Data excerpts:
*** Begin section ***

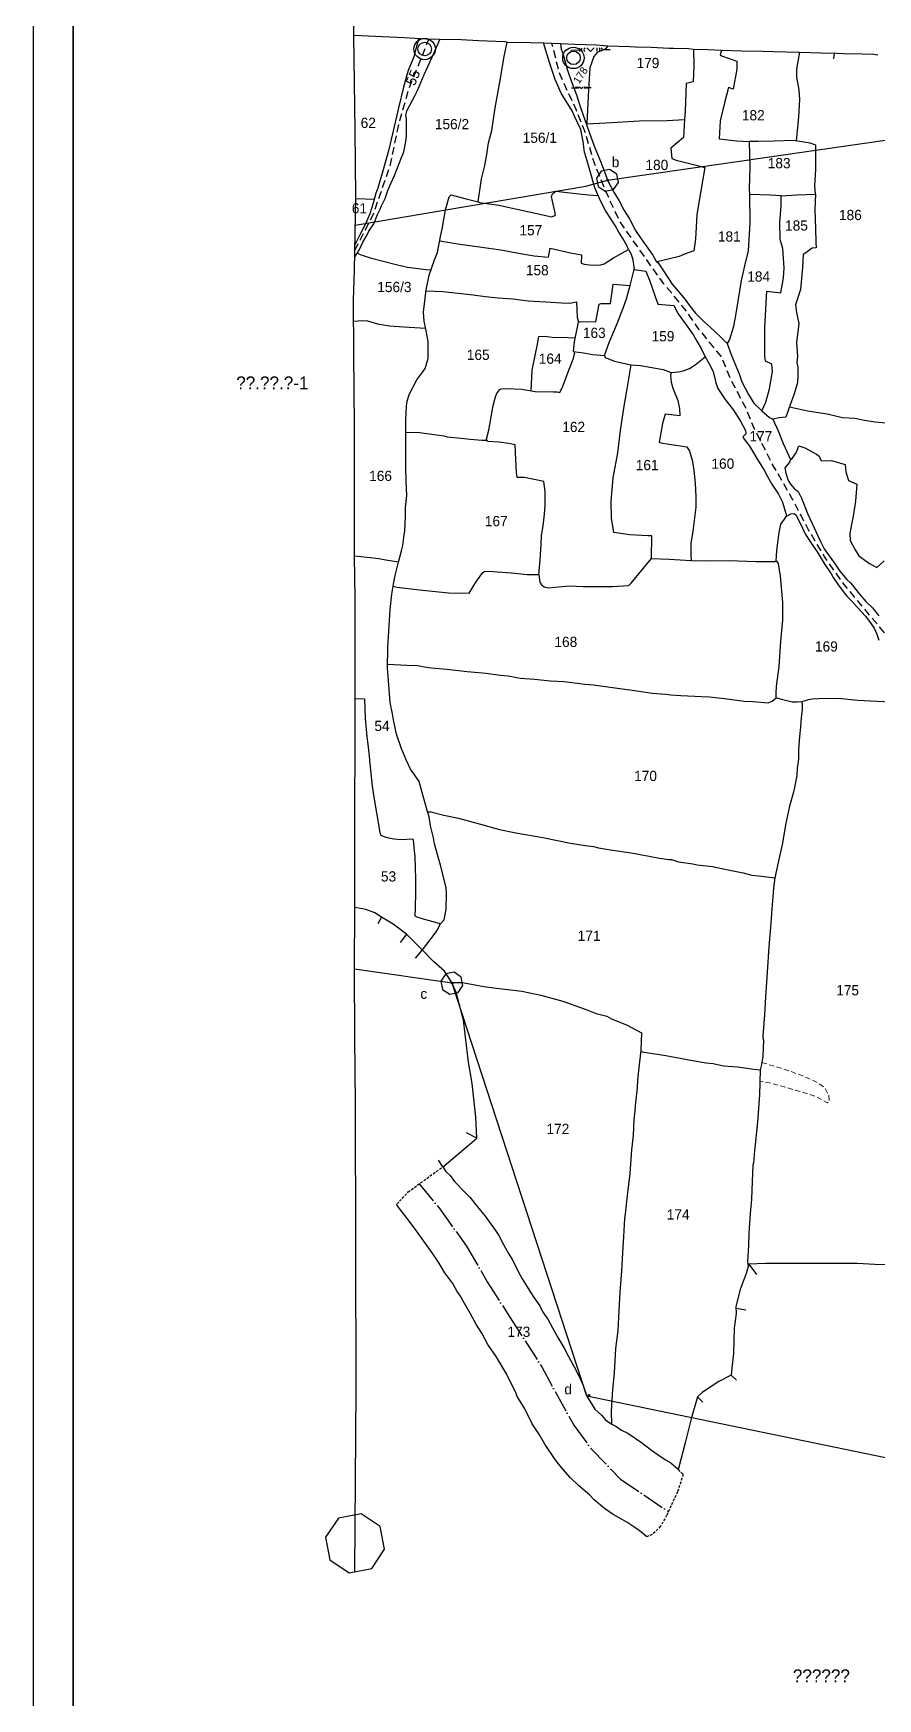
# Model space of a CAD drawing. Header units: millimetres. Extents: x -8 to 13596, y -8 to 3042.
# Drawn here: x -7.8 to 157.3, y 158.8 to 484.5 of the extents above; entities that cross this region are included whole.
import ezdxf

# ---------------------------------------------------------------- set-up
doc = ezdxf.new("R2010")
doc.units = ezdxf.units.MM
doc.header["$MEASUREMENT"] = 0
for name, pattern in [('04b018', [5.49, 4.32, -0.54, 0.09, -0.54]), ('ACAD_ISO02W100', [15, 12, -3]), ('DASHED', [0.75, 0.5, -0.25])]:
    doc.linetypes.add(name, pattern=pattern)
for name, color, linetype in [('Image', 7, 'Continuous'), ('Legend', 250, 'Continuous'), ('Line_Coordinate', 250, 'Continuous'), ('Line_River', 5, 'Continuous'), ('Line_Road', 250, 'ACAD_ISO02W100'), ('Line_Traverse', 160, 'Continuous'), ('Poly_Village_Bndry', 250, 'Continuous'), ('Sym_Stone_Munara', 250, 'Continuous'), ('Sym_Traverse_Stone', 5, 'Continuous'), ('Text_Survey_Gat_No', 7, 'Continuous'), ('Text_Traverse_Stone', 5, 'Continuous')]:
    doc.layers.add(name, color=color, linetype=linetype)
for name, color, linetype, lineweight in [('Line_Miscellaneous', 4, 'Continuous', 20), ('Poly_Survey_Bndry', 250, 'Continuous', 30), ('Sym_Other', 56, 'Continuous', 30), ('Text_Map_Out', 250, 'Continuous', 0)]:
    doc.layers.add(name, color=color, linetype=linetype, lineweight=lineweight)
doc.layers.add('Sym_Well', color=5, linetype='Continuous', lineweight=25, true_color=0x0000ff)
doc.styles.add('Roman', font='Sakal_Marathi_N_Ship.TTF')
doc.styles.add('Text Map', font='')
doc.styles.get('Text Map').set_extended_font_data('Sakal Marathi')
picture_1 = doc.add_image_def('image1.jpg', size_in_pixel=(8950, 12638))

# ---------------------------------------------------------------- blocks, each defined once
blk = doc.blocks.new('WELL PAKKA1')
for radius in [0.862, 0.546]:
    blk.add_circle((0, 0), radius)
blk = doc.blocks.new('Pahadbhalla')
at = {"layer": 'Sym_Other'}
for points in [[(-5.93, 0.49), (-3.47, 0.49)], [(-1.12, 1.05), (0, 0)], [(1.12, 1.05), (0, 0)], [(3.47, 0.49), (5.93, 0.49)]]:
    blk.add_lwpolyline(points, dxfattribs=at)
for centre, start, end in [((-2.75, 0.52), 131.8701, 226.2798), ((-2.09, 0.52), 131.8701, 226.2798), ((-1.31, 0.52), 131.8701, 226.2798), ((1.31, 0.52), 313.7202, 48.1299), ((2.09, 0.52), 313.7202, 48.1299), ((2.75, 0.52), 313.7202, 48.1299)]:
    blk.add_arc(centre, 0.715, start, end, dxfattribs=at)
blk = doc.blocks.new('MINOR TRAVERSE STATION')
at = {"linetype": 'Continuous'}
blk.add_hatch(color=0, dxfattribs=at).paths.add_polyline_path([(0.09, 0, 1), (-0.09, 0, 1)])
at = {"color": 0, "const_width": 0.00123}
blk.add_lwpolyline([(0.86, -0.56), (0, 1.04), (-0.86, -0.56)], close=True, dxfattribs=at)
at = {"color": 0}
blk.add_circle((0, 0), 0.0879, dxfattribs=at)
blk = doc.blocks.new('Sym_Traverse_Stone')
at = {"layer": 'Sym_Traverse_Stone'}
blk.add_lwpolyline([(3.22, -0.65), (2.74, 1.82), (0.65, 3.22), (-1.82, 2.74), (-3.22, 0.65), (-2.74, -1.82), (-0.65, -3.22), (1.82, -2.74)], close=True, dxfattribs=at)

msp = doc.modelspace()

# ---------------------------------------------------------------- linework, layer by layer
at = {"layer": 'Legend'}
msp.add_lwpolyline([(-7.78, 810.3), (732.41, 810.3), (732.41, -7.78), (-7.78, -7.78)], close=True, dxfattribs=at)
at = {"layer": 'Legend', "lineweight": 30}
msp.add_lwpolyline([(593.47, 802.52), (0, 802.52), (0, 0), (593.47, 0)], dxfattribs=at)
at = {"layer": 'Line_Coordinate'}
msp.add_lwpolyline([(55.05, 183.75), (55.35, 219.26), (55.19, 275.04), (55.09, 288.19), (55.02, 301.46), (55.04, 313.52), (55.06, 321.68), (55.07, 327.06), (55.04, 334.28), (55.03, 336.77), (55.1, 341.23), (55.1, 345.47), (55.1, 349.6), (55.12, 355.97), (55.15, 361.62), (55.12, 369.45), (55.15, 374), (55.02, 382.2), (54.96, 385.5), (54.99, 393.38), (54.97, 397.22), (54.98, 402.34), (54.99, 407.77), (54.89, 421.75), (54.82, 432.32), (54.96, 438.16), (55.26, 452.52), (55.1, 465.53), (54.88, 484.05), (55.19, 506.87)], dxfattribs=at)
at = {"layer": 'Line_Miscellaneous', "linetype": 'DASHED', "ltscale": 2, "flags": 128}
msp.add_lwpolyline([(134.61, 283.19), (138.4, 282.13), (142.41, 280.68), (145.43, 279.31), (146.87, 278.34), (147.71, 276.82), (147.81, 275.65), (147.42, 275.3), (145.2, 276.55), (141.41, 277.75), (135.81, 279.31), (134.21, 279.57)], dxfattribs=at)
at = {"layer": 'Line_River', "linetype": '04b018'}
msp.add_lwpolyline([(67.63, 259.45), (71.66, 254.62), (76.91, 247.27), (80.93, 240.31), (85.37, 233.39), (91.58, 223.71), (97.84, 212.29), (101.21, 207.74), (107, 201.71), (116.34, 195.39)], dxfattribs=at)
at = {"layer": 'Line_Road', "linetype": 'DASHED', "ltscale": 3, "flags": 128}
for points in [[(55.04, 442.03), (58.59, 448.9), (61.95, 458.55), (63.83, 467.43), (65.66, 473.7), (69.54, 483.34)], [(238.15, 320.91), (229.29, 322.87), (224.86, 323.85), (216.68, 325.13), (207.59, 326.84), (201.31, 328.02), (199.34, 329.66), (196.13, 334.39), (193.18, 339.1), (190.18, 340.42), (185.07, 342.34), (175.07, 345.94), (169.75, 347.86), (167.83, 349.88), (165.26, 356.22), (162.55, 362), (159.25, 366.45), (155.23, 371.26), (150.65, 376.77), (146.84, 382.18), (143.75, 387.4), (140.5, 393.57), (136.72, 400.18), (133.2, 407.08), (131.47, 411.24), (128.64, 416.67), (126.65, 421.33), (122.09, 426.93), (119.59, 430.58), (115.45, 435.48), (112.39, 439.82), (106.89, 447.62), (104, 453.84), (101.88, 459.1), (100.17, 464.92), (98.3, 469.62), (95.11, 476.56), (93.58, 482.58)]]:
    msp.add_lwpolyline(points, dxfattribs=at)
at = {"layer": 'Line_Traverse'}
msp.add_lwpolyline([(55.14, 446.99), (100.19, 454.58), (104.47, 455.78), (224.77, 473.11), (461.17, 463.41), (418.9, 266.35), (473.54, 223.76), (408.25, 162.09), (348.15, 91.29), (230.73, 129.78), (178.95, 201.71), (100.39, 217.95), (74.08, 298.71), (55.02, 301.46)], dxfattribs=at)
at = {"layer": 'Poly_Survey_Bndry'}
for points in [[(63.62, 381.08), (64.15, 383.3), (64.46, 384.31), (64.68, 386.4), (64.85, 387.12), (64.94, 390.08), (64.99, 391.74), (65.22, 394.12), (65.07, 396.85), (65.01, 399.57), (65.05, 402.47), (65, 404.94), (65.04, 408.66), (65.1, 410.46), (65.24, 412.28), (65.68, 413.87), (67.18, 416.71), (68.33, 418.32), (68.79, 418.96), (69.41, 420.89), (69.42, 424.29), (68.81, 427.29), (68.62, 428.21), (68.51, 429.97), (69, 434.31), (69.58, 437.21), (70.65, 440.17), (71.19, 441.66), (71.89, 445.07), (72.13, 446.18), (72.79, 449.99), (73.51, 452.51), (73.86, 452.88), (76.54, 452.17), (79.15, 451.57), (79.83, 456.05), (80.45, 458.68), (80.85, 460.8), (81.19, 463.07), (81.82, 465.49), (82.48, 469.94), (83.52, 475.65), (84.16, 479.65), (84.83, 482.76), (84.31, 482.83), (79.24, 483.05), (75.84, 483.2), (71.61, 483.27), (68.99, 483.36), (64.72, 483.61), (54.88, 484.05)], [(55.01, 440.64), (55.9, 442.06), (56.61, 443.65), (57.49, 445.1), (57.77, 445.81), (58.78, 447.27), (59.51, 449.07), (60.03, 450.11), (60.23, 450.63), (60.98, 452.19), (61.49, 453.73), (62.07, 455.1), (62.83, 456.7), (64.18, 460.2), (64.61, 461.33), (65, 463.35), (65.15, 464.45), (65.14, 467.83), (65, 468.44), (65.24, 469.33), (66.86, 472.41), (67.29, 473.34), (68.64, 476.43), (69.41, 478.11), (70.42, 480.42), (71.67, 483.27)], [(67.5, 483.45), (66.58, 479.93), (65.48, 477.2), (65.14, 476.14), (64.55, 473.96), (63.61, 469.92), (62.43, 464.85), (61.71, 461.78), (60.65, 458.07), (59.54, 454.2), (59.17, 453.21), (58.65, 451.28), (57.96, 449.22), (57.2, 447.37), (56.15, 445.35), (55.06, 443.12)], [(84.83, 482.76), (89.32, 482.69), (91.91, 482.64)], [(108.53, 442.24), (108.23, 443.03), (107.45, 444.34), (106.65, 445.58), (105.92, 446.89), (104.07, 449.85), (103.05, 451.71), (102.57, 452.91), (102, 454.29), (100.98, 457.76), (100.25, 460.23), (99.94, 461.26), (99.66, 463.34), (99.24, 465.71), (98.01, 468.32), (97.54, 469.32), (95.38, 472.8), (94.24, 475.44), (93.09, 478.8), (91.91, 482.64), (95.24, 482.53), (95.42, 481.41), (95.77, 480.34), (96.59, 477.49), (96.97, 476.31), (97.53, 474.71), (98.36, 472.45), (98.98, 470.57), (99.62, 468.68), (100.32, 466.66), (100.9, 465), (101.92, 462.28), (102.87, 459.94), (103.59, 458.16), (104.48, 455.66), (105.66, 453.45), (106.74, 451.76), (107.73, 449.88), (108.76, 448.19), (109.94, 445.96), (111, 444.29), (113.31, 441.09), (113.97, 439.97), (114.36, 439.62), (115.55, 437.88), (117.11, 435.42), (118.26, 434.05), (119.6, 432.44), (120.8, 430.78), (121.64, 429.78), (123.21, 428.18), (125.26, 426.38), (126.72, 424.95), (127.86, 423.84), (128.68, 421.49), (130.16, 417.88), (130.71, 416.35), (132.03, 413.89), (133.04, 412.19), (134.64, 410.64), (136.09, 409.37), (136.73, 409.04), (137.83, 406.74), (138.79, 404.31), (140.21, 401.18), (140.01, 400.65), (139.08, 399.52), (139.28, 398.45), (139.77, 397.01), (140.23, 396.31), (141.01, 395.44), (141.74, 394.88), (142.37, 393.56), (143.61, 390.43), (145.21, 386.92), (146.1, 385.08), (146.78, 383.66), (148.93, 380.66), (149.88, 379.34), (151.21, 377.7), (151.99, 376.99), (153.67, 374.83), (154.95, 373.39), (156.23, 372.14), (157.48, 370.6)], [(95.24, 482.53), (98.08, 482.41), (102.23, 482.25), (104.53, 482.05), (108.79, 481.95), (109.94, 481.85), (112.98, 481.8), (116.53, 481.62), (117.33, 481.58), (120.25, 481.53), (121.23, 481.43), (124.08, 481.31), (126.72, 481.23), (130.67, 481.1), (134.73, 481), (136.87, 480.95), (139.45, 480.89), (141.98, 480.81), (146.24, 480.68), (149.27, 480.64), (150.6, 480.58), (154.24, 480.47), (156.5, 480.4), (157.28, 480.31)], [(104.53, 482.05), (104.05, 481.48), (102.42, 480.74), (101.75, 479.98), (100.99, 477.73), (100.76, 473.38), (100.41, 466.96), (100.32, 466.66)], [(121.23, 481.43), (121.31, 478.19), (121.21, 475.01), (119.84, 474.68), (119.6, 469.26), (119.51, 467.65)], [(126.72, 481.23), (126.47, 480.32), (126.75, 480.1), (129.74, 479.07), (129.75, 477.5), (129.03, 473.57), (128.1, 473.89), (127.29, 470.9), (126.48, 467.36), (126.26, 463.85), (129.67, 463.45), (132.11, 463.34), (132.26, 458.26), (132.14, 454.16), (132.2, 452.97), (132.25, 447.43), (131.95, 441.99), (131.24, 439.03), (130.55, 436.13), (129.58, 430.12), (129.1, 427.17), (128.32, 424.64), (127.86, 423.84)], [(141.98, 480.81), (141.64, 478.99), (141.37, 477.57), (141.39, 475.95), (141.83, 473.43), (141.97, 471.59), (141.79, 468.17), (141.33, 463.43)], [(100.37, 466.81), (104.1, 467.02), (110.69, 467.4), (116.09, 467.42), (119.51, 467.65), (119.28, 464.14), (116.82, 462.07), (117.04, 460.01), (117.89, 459.67), (121.8, 458.7), (123.48, 458.29), (122.61, 453.3), (121.88, 449.09), (121.64, 444.23), (121.32, 441.96), (119.52, 441.28), (118.48, 440.82), (114.17, 439.79)], [(138.37, 452.69), (141.42, 452.91), (145.12, 453.05), (145, 454.77), (145.16, 457.77), (145.18, 462.6), (144.07, 463.03), (140.74, 463.52), (137.03, 463.41), (133.89, 463.33), (132.11, 463.34)], [(79.15, 451.57), (79.42, 451.41), (83.2, 450.87), (89.13, 449.57), (93.58, 448.59), (94.27, 448.92), (94.15, 449.67), (93.68, 451.69), (93.48, 452.58), (93.7, 453.14), (94.34, 453.66), (97.7, 453.21), (100.73, 452.9), (102.62, 452.78)], [(134.64, 410.64), (135.36, 412.34), (136.11, 414.96), (136.72, 418.36), (136.59, 419.8), (135.31, 420.41), (135.22, 421.33), (135.2, 426.93), (135.5, 432.97), (135.59, 434.04), (138.3, 433.74), (138.83, 436.66), (138.99, 438.56), (138.7, 442.42), (138.17, 444.17), (138.14, 447.47), (138.39, 450.76), (138.37, 452.69), (136.31, 452.84), (132.2, 452.97)], [(145.12, 453.05), (144.94, 450.04), (145.07, 446.31), (145.17, 443.66), (145.2, 442.54), (144.47, 442.47), (143.19, 441.59), (142.7, 441.26), (142.59, 438.67), (142.17, 434.4), (141.21, 431.39), (141.38, 429.89), (141.87, 427.72), (141.4, 424.03), (141.55, 421.34), (141.47, 420.09), (141.67, 419.22), (141.67, 417.52), (141.56, 416.14), (140.84, 413.82), (140.15, 411.87), (139.29, 409.44), (138.03, 409.31), (136.73, 409.04)], [(55.25, 452.19), (58.85, 452.04)], [(71.66, 443.93), (75.2, 443.3), (79.9, 442.65), (83.61, 442.13), (88.15, 441.34), (90.08, 441.01), (92.91, 440.69), (93.23, 442.5), (97.24, 441.54), (99.35, 441.18), (99.3, 439.57), (99.87, 439.32), (101.43, 439.18), (103.17, 439.24), (103.81, 439.44), (105.6, 440.59), (108.53, 442.24), (109.08, 441.29), (109.41, 440.23), (109.66, 438.32)], [(55.57, 441.53), (56.09, 441.22), (58.04, 440.56), (63.16, 439.28), (65.36, 438.77), (69.03, 438.34), (69.95, 438.23)], [(62.55, 376.39), (63.31, 376.18), (67.7, 375.65), (73.36, 375.06), (77.43, 374.99), (78.81, 377.37), (80.07, 379.07), (80.4, 379.22), (81.19, 379.3), (85.63, 378.97), (88.77, 378.65), (91.01, 378.68), (91.31, 381.52), (91.45, 384.51), (91.54, 386.29), (91.9, 388.15), (92.16, 390.46), (92.28, 392.19), (92.23, 394.91), (91.97, 396.86), (90.1, 397.24), (88.21, 397.63), (86.8, 397.64), (86.63, 398.63), (86.5, 401.14), (86.41, 403.99), (85.18, 404.28), (83.26, 404.52), (80.97, 404.67), (80.8, 405.15), (81.22, 406.87), (82.07, 411.72), (82.58, 413.42), (82.81, 414.05), (83.39, 414.81), (83.68, 414.96), (84.66, 415.01), (87.71, 414.92), (90.32, 414.47), (93.88, 414.38), (94.59, 414.4), (95.13, 414.28), (95.7, 415.51), (97.01, 418.92), (97.74, 420.8), (98.05, 421.99), (97.82, 422.25), (98, 424.14), (98.76, 428.02), (99.09, 428.12), (102.17, 428.09), (102.8, 431.53), (103.21, 431.68), (105.02, 431.68), (105.52, 435.43), (108.89, 435.21), (109.66, 438.32), (111.93, 438.01), (112.66, 436.2), (113.84, 432.84), (114.28, 431.58), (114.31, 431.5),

*** End section ***

Task: All lines from the start of the entries above through the line containing "import ezdxf" must be transcribed exactly, both ends included, and no picture may be copied.

Output below:
# Model space of a CAD drawing. Header units: millimetres. Extents: x -8 to 13596, y -8 to 3042.
# Drawn here: x -7.8 to 157.3, y 158.8 to 484.5 of the extents above; entities that cross this region are included whole.
import ezdxf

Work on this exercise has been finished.